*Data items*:
◇ ◇ ◇ ◇ ◇ ◇ ◇
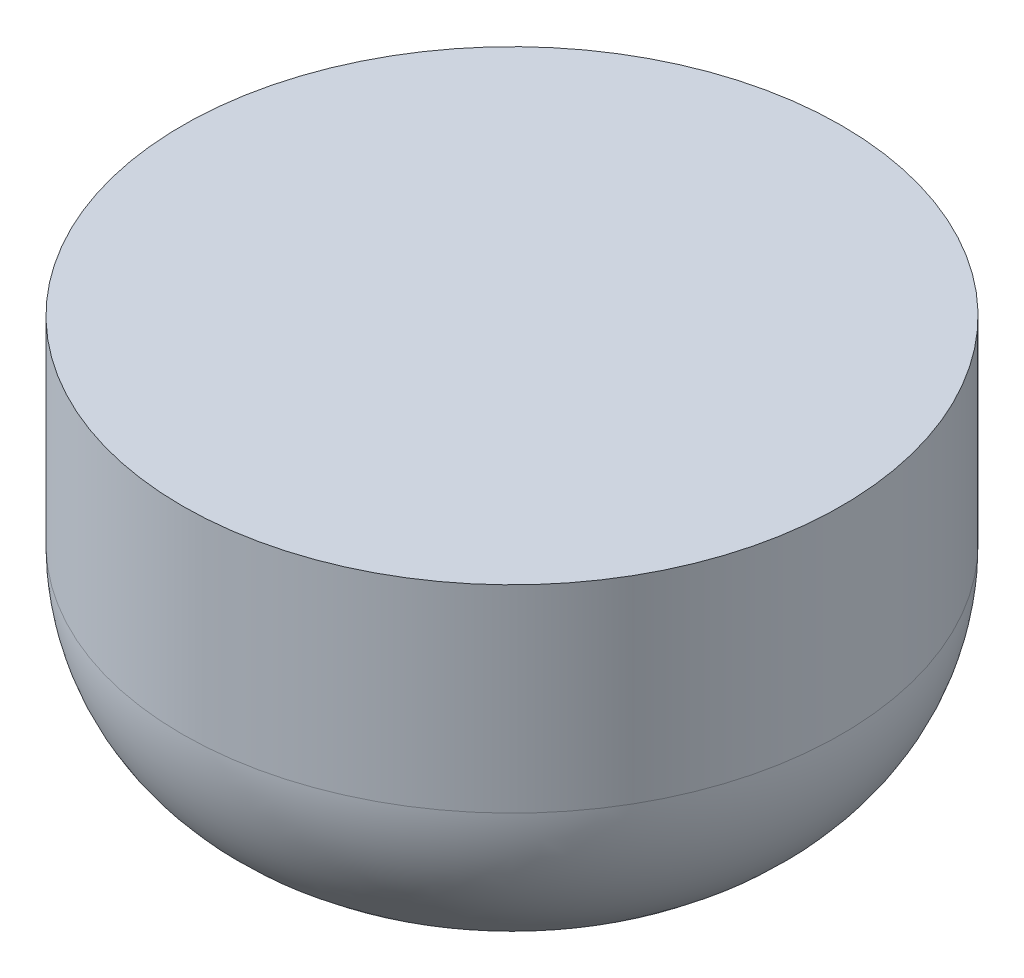
ISO-10303-21;
HEADER;
FILE_DESCRIPTION(('STEP AP214'),'2;1');
FILE_NAME('part.step','',(''),(''),'','','');
FILE_SCHEMA(('AUTOMOTIVE_DESIGN { 1 0 10303 214 1 1 1 1 }'));
ENDSEC;
DATA;
#1=APPLICATION_CONTEXT('core data for automotive mechanical design processes');
#2=APPLICATION_PROTOCOL_DEFINITION('international standard','automotive_design',2000,#1);
#3=PRODUCT_CONTEXT('',#1,'mechanical');
#4=PRODUCT('Part','Part','',(#3));
#5=PRODUCT_RELATED_PRODUCT_CATEGORY('part','',(#4));
#6=PRODUCT_DEFINITION_FORMATION('','',#4);
#7=PRODUCT_DEFINITION_CONTEXT('part definition',#1,'design');
#8=PRODUCT_DEFINITION('design','',#6,#7);
#9=PRODUCT_DEFINITION_SHAPE('','',#8);
#10=(LENGTH_UNIT() NAMED_UNIT(*) SI_UNIT(.MILLI.,.METRE.));
#11=(NAMED_UNIT(*) PLANE_ANGLE_UNIT() SI_UNIT($,.RADIAN.));
#12=(NAMED_UNIT(*) SI_UNIT($,.STERADIAN.) SOLID_ANGLE_UNIT());
#13=UNCERTAINTY_MEASURE_WITH_UNIT(LENGTH_MEASURE(1.E-05),#10,'distance_accuracy_value','');
#14=(GEOMETRIC_REPRESENTATION_CONTEXT(3) GLOBAL_UNCERTAINTY_ASSIGNED_CONTEXT((#13)) GLOBAL_UNIT_ASSIGNED_CONTEXT((#10,
#11,#12)) REPRESENTATION_CONTEXT('',''));
#15=CARTESIAN_POINT('',(0.,0.,0.));
#16=DIRECTION('',(0.,0.,1.));
#17=DIRECTION('',(1.,0.,0.));
#18=AXIS2_PLACEMENT_3D('',#15,#16,#17);
#19=CARTESIAN_POINT('',(0.,3.,0.));
#20=DIRECTION('',(0.,-1.,0.));
#21=DIRECTION('',(0.,0.,-1.));
#22=AXIS2_PLACEMENT_3D('',#19,#20,#21);
#23=CYLINDRICAL_SURFACE('',#22,2.5);
#24=CARTESIAN_POINT('',(0.,1.5,0.));
#25=DIRECTION('',(0.,1.,0.));
#26=DIRECTION('',(0.,0.,1.));
#27=AXIS2_PLACEMENT_3D('',#24,#25,#26);
#28=CIRCLE('',#27,2.5);
#29=CARTESIAN_POINT('',(0.,1.5,2.5));
#30=VERTEX_POINT('',#29);
#31=EDGE_CURVE('E48',#30,#30,#28,.T.);
#32=ORIENTED_EDGE('',*,*,#31,.T.);
#33=EDGE_LOOP('',(#32));
#34=FACE_BOUND('',#33,.T.);
#35=CARTESIAN_POINT('',(0.,3.,0.));
#36=DIRECTION('',(0.,1.,0.));
#37=DIRECTION('',(0.,0.,1.));
#38=AXIS2_PLACEMENT_3D('',#35,#36,#37);
#39=CIRCLE('',#38,2.5);
#40=CARTESIAN_POINT('',(0.,3.,2.5));
#41=VERTEX_POINT('',#40);
#42=EDGE_CURVE('E52',#41,#41,#39,.T.);
#43=ORIENTED_EDGE('',*,*,#42,.F.);
#44=EDGE_LOOP('',(#43));
#45=FACE_BOUND('',#44,.T.);
#46=ADVANCED_FACE('F41',(#34,#45),#23,.T.);
#47=CARTESIAN_POINT('',(0.,3.,0.));
#48=DIRECTION('',(0.,1.,0.));
#49=DIRECTION('',(0.,0.,1.));
#50=AXIS2_PLACEMENT_3D('',#47,#48,#49);
#51=PLANE('',#50);
#52=ORIENTED_EDGE('',*,*,#42,.T.);
#53=EDGE_LOOP('',(#52));
#54=FACE_BOUND('',#53,.T.);
#55=ADVANCED_FACE('F59',(#54),#51,.T.);
#56=CARTESIAN_POINT('',(0.,0.,0.));
#57=DIRECTION('',(0.,1.,0.));
#58=DIRECTION('',(0.,0.,1.));
#59=AXIS2_PLACEMENT_3D('',#56,#57,#58);
#60=PLANE('',#59);
#61=CARTESIAN_POINT('',(0.,0.,0.));
#62=DIRECTION('',(0.,1.,0.));
#63=DIRECTION('',(0.,0.,1.));
#64=AXIS2_PLACEMENT_3D('',#61,#62,#63);
#65=CIRCLE('',#64,1.);
#66=CARTESIAN_POINT('',(0.,0.,1.));
#67=VERTEX_POINT('',#66);
#68=EDGE_CURVE('E10',#67,#67,#65,.F.);
#69=ORIENTED_EDGE('',*,*,#68,.T.);
#70=EDGE_LOOP('',(#69));
#71=FACE_BOUND('',#70,.T.);
#72=ADVANCED_FACE('F66',(#71),#60,.F.);
#73=CARTESIAN_POINT('',(0.,1.5,0.));
#74=DIRECTION('',(0.,1.,0.));
#75=DIRECTION('',(0.,0.,1.));
#76=AXIS2_PLACEMENT_3D('',#73,#74,#75);
#77=DEGENERATE_TOROIDAL_SURFACE('',#76,1.,1.5,.T.);
#78=ORIENTED_EDGE('',*,*,#68,.F.);
#79=EDGE_LOOP('',(#78));
#80=FACE_BOUND('',#79,.T.);
#81=ORIENTED_EDGE('',*,*,#31,.F.);
#82=EDGE_LOOP('',(#81));
#83=FACE_BOUND('',#82,.T.);
#84=ADVANCED_FACE('F43',(#80,#83),#77,.T.);
#85=CLOSED_SHELL('',(#46,#55,#72,#84));
#86=MANIFOLD_SOLID_BREP('B2',#85);
#87=ADVANCED_BREP_SHAPE_REPRESENTATION('',(#18,#86),#14);
#88=SHAPE_DEFINITION_REPRESENTATION(#9,#87);
ENDSEC;
END-ISO-10303-21;
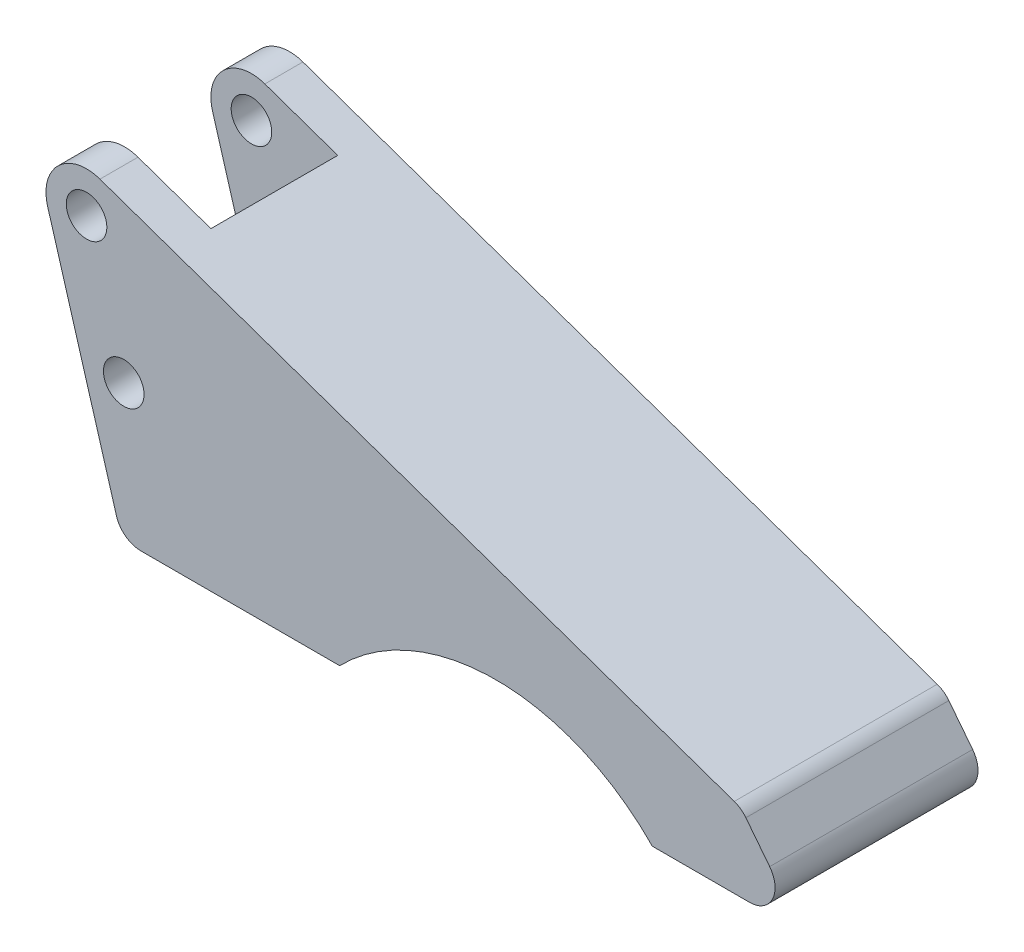
ISO-10303-21;
HEADER;
FILE_DESCRIPTION(('STEP AP214'),'2;1');
FILE_NAME('part.step','',(''),(''),'','','');
FILE_SCHEMA(('AUTOMOTIVE_DESIGN { 1 0 10303 214 1 1 1 1 }'));
ENDSEC;
DATA;
#1=APPLICATION_CONTEXT('core data for automotive mechanical design processes');
#2=APPLICATION_PROTOCOL_DEFINITION('international standard','automotive_design',2000,#1);
#3=PRODUCT_CONTEXT('',#1,'mechanical');
#4=PRODUCT('Part','Part','',(#3));
#5=PRODUCT_RELATED_PRODUCT_CATEGORY('part','',(#4));
#6=PRODUCT_DEFINITION_FORMATION('','',#4);
#7=PRODUCT_DEFINITION_CONTEXT('part definition',#1,'design');
#8=PRODUCT_DEFINITION('design','',#6,#7);
#9=PRODUCT_DEFINITION_SHAPE('','',#8);
#10=(LENGTH_UNIT() NAMED_UNIT(*) SI_UNIT(.MILLI.,.METRE.));
#11=(NAMED_UNIT(*) PLANE_ANGLE_UNIT() SI_UNIT($,.RADIAN.));
#12=(NAMED_UNIT(*) SI_UNIT($,.STERADIAN.) SOLID_ANGLE_UNIT());
#13=UNCERTAINTY_MEASURE_WITH_UNIT(LENGTH_MEASURE(1.E-05),#10,'distance_accuracy_value','');
#14=(GEOMETRIC_REPRESENTATION_CONTEXT(3) GLOBAL_UNCERTAINTY_ASSIGNED_CONTEXT((#13)) GLOBAL_UNIT_ASSIGNED_CONTEXT((#10,
#11,#12)) REPRESENTATION_CONTEXT('',''));
#15=CARTESIAN_POINT('',(0.,0.,0.));
#16=DIRECTION('',(0.,0.,1.));
#17=DIRECTION('',(1.,0.,0.));
#18=AXIS2_PLACEMENT_3D('',#15,#16,#17);
#19=CARTESIAN_POINT('',(0.,0.,20.));
#20=DIRECTION('',(0.,0.,-1.));
#21=DIRECTION('',(-1.,0.,0.));
#22=AXIS2_PLACEMENT_3D('',#19,#20,#21);
#23=CYLINDRICAL_SURFACE('',#22,5.);
#24=DIRECTION('',(0.,0.,-1.));
#25=VECTOR('',#24,1.);
#26=CARTESIAN_POINT('',(0.,-5.,20.));
#27=LINE('',#26,#25);
#28=CARTESIAN_POINT('',(0.,-5.,-12.5));
#29=VERTEX_POINT('',#28);
#30=CARTESIAN_POINT('',(0.,-5.,-20.));
#31=VERTEX_POINT('',#30);
#32=EDGE_CURVE('E211',#29,#31,#27,.T.);
#33=ORIENTED_EDGE('',*,*,#32,.F.);
#34=CARTESIAN_POINT('',(0.,0.,-12.5));
#35=DIRECTION('',(0.,0.,-1.));
#36=DIRECTION('',(-1.,0.,0.));
#37=AXIS2_PLACEMENT_3D('',#34,#35,#36);
#38=CIRCLE('',#37,5.);
#39=CARTESIAN_POINT('',(-4.79593025749352,-1.4138786953831,-12.5));
#40=VERTEX_POINT('',#39);
#41=EDGE_CURVE('E232',#29,#40,#38,.T.);
#42=ORIENTED_EDGE('',*,*,#41,.T.);
#43=DIRECTION('',(0.,0.,-1.));
#44=VECTOR('',#43,1.);
#45=CARTESIAN_POINT('',(-4.79593025749352,-1.4138786953831,20.));
#46=LINE('',#45,#44);
#47=CARTESIAN_POINT('',(-4.79593025749352,-1.4138786953831,-20.));
#48=VERTEX_POINT('',#47);
#49=EDGE_CURVE('E103',#40,#48,#46,.T.);
#50=ORIENTED_EDGE('',*,*,#49,.T.);
#51=CARTESIAN_POINT('',(0.,0.,-20.));
#52=DIRECTION('',(0.,0.,1.));
#53=DIRECTION('',(1.,0.,0.));
#54=AXIS2_PLACEMENT_3D('',#51,#52,#53);
#55=CIRCLE('',#54,5.);
#56=EDGE_CURVE('E166',#48,#31,#55,.T.);
#57=ORIENTED_EDGE('',*,*,#56,.T.);
#58=EDGE_LOOP('',(#33,#42,#50,#57));
#59=FACE_BOUND('',#58,.T.);
#60=ADVANCED_FACE('F39',(#59),#23,.T.);
#61=CARTESIAN_POINT('',(-10.69,46.87,20.));
#62=DIRECTION('',(0.,0.,-1.));
#63=DIRECTION('',(-1.,0.,0.));
#64=AXIS2_PLACEMENT_3D('',#61,#62,#63);
#65=CYLINDRICAL_SURFACE('',#64,8.);
#66=DIRECTION('',(0.,0.,-1.));
#67=VECTOR('',#66,1.);
#68=CARTESIAN_POINT('',(-18.3634884119896,44.607794087387,20.));
#69=LINE('',#68,#67);
#70=CARTESIAN_POINT('',(-18.3634884119896,44.607794087387,-12.5));
#71=VERTEX_POINT('',#70);
#72=CARTESIAN_POINT('',(-18.3634884119896,44.607794087387,-20.));
#73=VERTEX_POINT('',#72);
#74=EDGE_CURVE('E193',#71,#73,#69,.T.);
#75=ORIENTED_EDGE('',*,*,#74,.F.);
#76=CARTESIAN_POINT('',(-10.69,46.87,-12.5));
#77=DIRECTION('',(0.,0.,-1.));
#78=DIRECTION('',(-1.,0.,0.));
#79=AXIS2_PLACEMENT_3D('',#76,#77,#78);
#80=CIRCLE('',#79,8.);
#81=CARTESIAN_POINT('',(-8.05,54.4218474560865,-12.5));
#82=VERTEX_POINT('',#81);
#83=EDGE_CURVE('E233',#71,#82,#80,.T.);
#84=ORIENTED_EDGE('',*,*,#83,.T.);
#85=DIRECTION('',(0.,0.,-1.));
#86=VECTOR('',#85,1.);
#87=CARTESIAN_POINT('',(-8.05,54.4218474560865,20.));
#88=LINE('',#87,#86);
#89=CARTESIAN_POINT('',(-8.05,54.4218474560865,-20.));
#90=VERTEX_POINT('',#89);
#91=EDGE_CURVE('E157',#82,#90,#88,.T.);
#92=ORIENTED_EDGE('',*,*,#91,.T.);
#93=CARTESIAN_POINT('',(-10.69,46.87,-20.));
#94=DIRECTION('',(0.,0.,1.));
#95=DIRECTION('',(1.,0.,0.));
#96=AXIS2_PLACEMENT_3D('',#93,#94,#95);
#97=CIRCLE('',#96,8.);
#98=EDGE_CURVE('E184',#90,#73,#97,.T.);
#99=ORIENTED_EDGE('',*,*,#98,.T.);
#100=EDGE_LOOP('',(#75,#84,#92,#99));
#101=FACE_BOUND('',#100,.T.);
#102=ADVANCED_FACE('F279',(#101),#65,.T.);
#103=CARTESIAN_POINT('',(-18.3634884119896,44.607794087387,20.));
#104=DIRECTION('',(0.959186051498703,0.282775739076619,0.));
#105=DIRECTION('',(-0.282775739076619,0.959186051498703,0.));
#106=AXIS2_PLACEMENT_3D('',#103,#104,#105);
#107=PLANE('',#106);
#108=ORIENTED_EDGE('',*,*,#49,.F.);
#109=DIRECTION('',(-0.282775739076619,0.959186051498703,0.));
#110=VECTOR('',#109,1.);
#111=CARTESIAN_POINT('',(-18.3634884119896,44.607794087387,-12.5));
#112=LINE('',#111,#110);
#113=EDGE_CURVE('E223',#40,#71,#112,.T.);
#114=ORIENTED_EDGE('',*,*,#113,.T.);
#115=ORIENTED_EDGE('',*,*,#74,.T.);
#116=DIRECTION('',(0.282775739076619,-0.959186051498703,0.));
#117=VECTOR('',#116,1.);
#118=CARTESIAN_POINT('',(-18.3634884119896,44.607794087387,-20.));
#119=LINE('',#118,#117);
#120=EDGE_CURVE('E187',#73,#48,#119,.T.);
#121=ORIENTED_EDGE('',*,*,#120,.T.);
#122=EDGE_LOOP('',(#108,#114,#115,#121));
#123=FACE_BOUND('',#122,.T.);
#124=ADVANCED_FACE('F339',(#123),#107,.F.);
#125=CARTESIAN_POINT('',(-3.36,22.,20.));
#126=DIRECTION('',(0.,0.,-1.));
#127=DIRECTION('',(-1.,0.,0.));
#128=AXIS2_PLACEMENT_3D('',#125,#126,#127);
#129=CYLINDRICAL_SURFACE('',#128,4.);
#130=CARTESIAN_POINT('',(-3.36,22.,-12.5));
#131=DIRECTION('',(0.,0.,-1.));
#132=DIRECTION('',(-1.,0.,0.));
#133=AXIS2_PLACEMENT_3D('',#130,#131,#132);
#134=CIRCLE('',#133,4.);
#135=CARTESIAN_POINT('',(-7.36000000000001,22.,-12.5));
#136=VERTEX_POINT('',#135);
#137=EDGE_CURVE('E219',#136,#136,#134,.T.);
#138=ORIENTED_EDGE('',*,*,#137,.F.);
#139=EDGE_LOOP('',(#138));
#140=FACE_BOUND('',#139,.T.);
#141=CARTESIAN_POINT('',(-3.36,22.,-20.));
#142=DIRECTION('',(0.,0.,1.));
#143=DIRECTION('',(1.,0.,0.));
#144=AXIS2_PLACEMENT_3D('',#141,#142,#143);
#145=CIRCLE('',#144,4.);
#146=CARTESIAN_POINT('',(0.639999999999999,22.,-20.));
#147=VERTEX_POINT('',#146);
#148=EDGE_CURVE('E244',#147,#147,#145,.T.);
#149=ORIENTED_EDGE('',*,*,#148,.F.);
#150=EDGE_LOOP('',(#149));
#151=FACE_BOUND('',#150,.T.);
#152=ADVANCED_FACE('F347',(#140,#151),#129,.F.);
#153=CARTESIAN_POINT('',(-10.69,46.87,20.));
#154=DIRECTION('',(0.,0.,-1.));
#155=DIRECTION('',(-1.,0.,0.));
#156=AXIS2_PLACEMENT_3D('',#153,#154,#155);
#157=CYLINDRICAL_SURFACE('',#156,4.);
#158=CARTESIAN_POINT('',(-10.69,46.87,-12.5));
#159=DIRECTION('',(0.,0.,-1.));
#160=DIRECTION('',(-1.,0.,0.));
#161=AXIS2_PLACEMENT_3D('',#158,#159,#160);
#162=CIRCLE('',#161,4.);
#163=CARTESIAN_POINT('',(-14.69,46.87,-12.5));
#164=VERTEX_POINT('',#163);
#165=EDGE_CURVE('E217',#164,#164,#162,.T.);
#166=ORIENTED_EDGE('',*,*,#165,.F.);
#167=EDGE_LOOP('',(#166));
#168=FACE_BOUND('',#167,.T.);
#169=CARTESIAN_POINT('',(-10.69,46.87,-20.));
#170=DIRECTION('',(0.,0.,1.));
#171=DIRECTION('',(1.,0.,0.));
#172=AXIS2_PLACEMENT_3D('',#169,#170,#171);
#173=CIRCLE('',#172,4.);
#174=CARTESIAN_POINT('',(-6.69,46.87,-20.));
#175=VERTEX_POINT('',#174);
#176=EDGE_CURVE('E240',#175,#175,#173,.T.);
#177=ORIENTED_EDGE('',*,*,#176,.F.);
#178=EDGE_LOOP('',(#177));
#179=FACE_BOUND('',#178,.T.);
#180=ADVANCED_FACE('F369',(#168,#179),#157,.F.);
#181=CARTESIAN_POINT('',(0.,0.,20.));
#182=DIRECTION('',(0.,0.,1.));
#183=DIRECTION('',(1.,0.,0.));
#184=AXIS2_PLACEMENT_3D('',#181,#182,#183);
#185=PLANE('',#184);
#186=CARTESIAN_POINT('',(-3.36,22.,20.));
#187=DIRECTION('',(0.,0.,1.));
#188=DIRECTION('',(1.,0.,0.));
#189=AXIS2_PLACEMENT_3D('',#186,#187,#188);
#190=CIRCLE('',#189,4.);
#191=CARTESIAN_POINT('',(0.639999999999999,22.,20.));
#192=VERTEX_POINT('',#191);
#193=EDGE_CURVE('E169',#192,#192,#190,.T.);
#194=ORIENTED_EDGE('',*,*,#193,.F.);
#195=EDGE_LOOP('',(#194));
#196=FACE_BOUND('',#195,.T.);
#197=CARTESIAN_POINT('',(0.,0.,20.));
#198=DIRECTION('',(0.,0.,1.));
#199=DIRECTION('',(1.,0.,0.));
#200=AXIS2_PLACEMENT_3D('',#197,#198,#199);
#201=CIRCLE('',#200,5.);
#202=CARTESIAN_POINT('',(-4.79593025749352,-1.4138786953831,20.));
#203=VERTEX_POINT('',#202);
#204=CARTESIAN_POINT('',(0.,-5.,20.));
#205=VERTEX_POINT('',#204);
#206=EDGE_CURVE('E189',#203,#205,#201,.T.);
#207=ORIENTED_EDGE('',*,*,#206,.T.);
#208=DIRECTION('',(1.,0.,0.));
#209=VECTOR('',#208,1.);
#210=CARTESIAN_POINT('',(0.,-5.,20.));
#211=LINE('',#210,#209);
#212=CARTESIAN_POINT('',(39.1941563985013,-5.,20.));
#213=VERTEX_POINT('',#212);
#214=EDGE_CURVE('E112',#205,#213,#211,.T.);
#215=ORIENTED_EDGE('',*,*,#214,.T.);
#216=CARTESIAN_POINT('',(70.,-35.,20.));
#217=DIRECTION('',(0.,0.,-1.));
#218=DIRECTION('',(-1.,0.,0.));
#219=AXIS2_PLACEMENT_3D('',#216,#217,#218);
#220=CIRCLE('',#219,43.);
#221=CARTESIAN_POINT('',(100.805843601499,-5.,20.));
#222=VERTEX_POINT('',#221);
#223=EDGE_CURVE('E253',#213,#222,#220,.T.);
#224=ORIENTED_EDGE('',*,*,#223,.T.);
#225=DIRECTION('',(1.,0.,0.));
#226=VECTOR('',#225,1.);
#227=CARTESIAN_POINT('',(100.805843601499,-5.,20.));
#228=LINE('',#227,#226);
#229=CARTESIAN_POINT('',(120.,-5.,20.));
#230=VERTEX_POINT('',#229);
#231=EDGE_CURVE('E255',#222,#230,#228,.T.);
#232=ORIENTED_EDGE('',*,*,#231,.T.);
#233=CARTESIAN_POINT('',(120.,0.,20.));
#234=DIRECTION('',(0.,0.,1.));
#235=DIRECTION('',(1.,0.,0.));
#236=AXIS2_PLACEMENT_3D('',#233,#234,#235);
#237=CIRCLE('',#236,5.);
#238=CARTESIAN_POINT('',(123.9398087808,3.07862092027062,20.));
#239=VERTEX_POINT('',#238);
#240=EDGE_CURVE('E257',#230,#239,#237,.T.);
#241=ORIENTED_EDGE('',*,*,#240,.T.);
#242=DIRECTION('',(-0.615724184054123,0.787961756160085,0.));
#243=VECTOR('',#242,1.);
#244=CARTESIAN_POINT('',(123.9398087808,3.07862092027062,20.));
#245=LINE('',#244,#243);
#246=CARTESIAN_POINT('',(119.251326027109,9.07862092027068,20.));
#247=VERTEX_POINT('',#246);
#248=EDGE_CURVE('E259',#239,#247,#245,.T.);
#249=ORIENTED_EDGE('',*,*,#248,.T.);
#250=CARTESIAN_POINT('',(115.311517246309,6.,20.));
#251=DIRECTION('',(0.,0.,1.));
#252=DIRECTION('',(1.,0.,0.));
#253=AXIS2_PLACEMENT_3D('',#250,#251,#252);
#254=CIRCLE('',#253,5.00000000000003);
#255=CARTESIAN_POINT('',(116.961517246309,10.719904660054,20.));
#256=VERTEX_POINT('',#255);
#257=EDGE_CURVE('E141',#247,#256,#254,.T.);
#258=ORIENTED_EDGE('',*,*,#257,.T.);
#259=DIRECTION('',(-0.943980932010811,0.33,0.));
#260=VECTOR('',#259,1.);
#261=CARTESIAN_POINT('',(116.961517246309,10.719904660054,20.));
#262=LINE('',#261,#260);
#263=CARTESIAN_POINT('',(-8.05,54.4218474560865,20.));
#264=VERTEX_POINT('',#263);
#265=EDGE_CURVE('E133',#256,#264,#262,.T.);
#266=ORIENTED_EDGE('',*,*,#265,.T.);
#267=CARTESIAN_POINT('',(-10.69,46.87,20.));
#268=DIRECTION('',(0.,0.,1.));
#269=DIRECTION('',(1.,0.,0.));
#270=AXIS2_PLACEMENT_3D('',#267,#268,#269);
#271=CIRCLE('',#270,8.);
#272=CARTESIAN_POINT('',(-18.3634884119896,44.607794087387,20.));
#273=VERTEX_POINT('',#272);
#274=EDGE_CURVE('E138',#264,#273,#271,.T.);
#275=ORIENTED_EDGE('',*,*,#274,.T.);
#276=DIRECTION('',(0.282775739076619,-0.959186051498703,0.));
◇ ◇ ◇ ◇ ◇ ◇ ◇
*Problem statement*: Taking the records above, retype every line from the one with "#208=DIRECTION('',(1.,0.,0.));" down to the one with "#223=EDGE_CURVE('E253',#213,#222,#220,.T.);", exactly and with nothing else.

*Problem solution*:
#208=DIRECTION('',(1.,0.,0.));
#209=VECTOR('',#208,1.);
#210=CARTESIAN_POINT('',(0.,-5.,20.));
#211=LINE('',#210,#209);
#212=CARTESIAN_POINT('',(39.1941563985013,-5.,20.));
#213=VERTEX_POINT('',#212);
#214=EDGE_CURVE('E112',#205,#213,#211,.T.);
#215=ORIENTED_EDGE('',*,*,#214,.T.);
#216=CARTESIAN_POINT('',(70.,-35.,20.));
#217=DIRECTION('',(0.,0.,-1.));
#218=DIRECTION('',(-1.,0.,0.));
#219=AXIS2_PLACEMENT_3D('',#216,#217,#218);
#220=CIRCLE('',#219,43.);
#221=CARTESIAN_POINT('',(100.805843601499,-5.,20.));
#222=VERTEX_POINT('',#221);
#223=EDGE_CURVE('E253',#213,#222,#220,.T.);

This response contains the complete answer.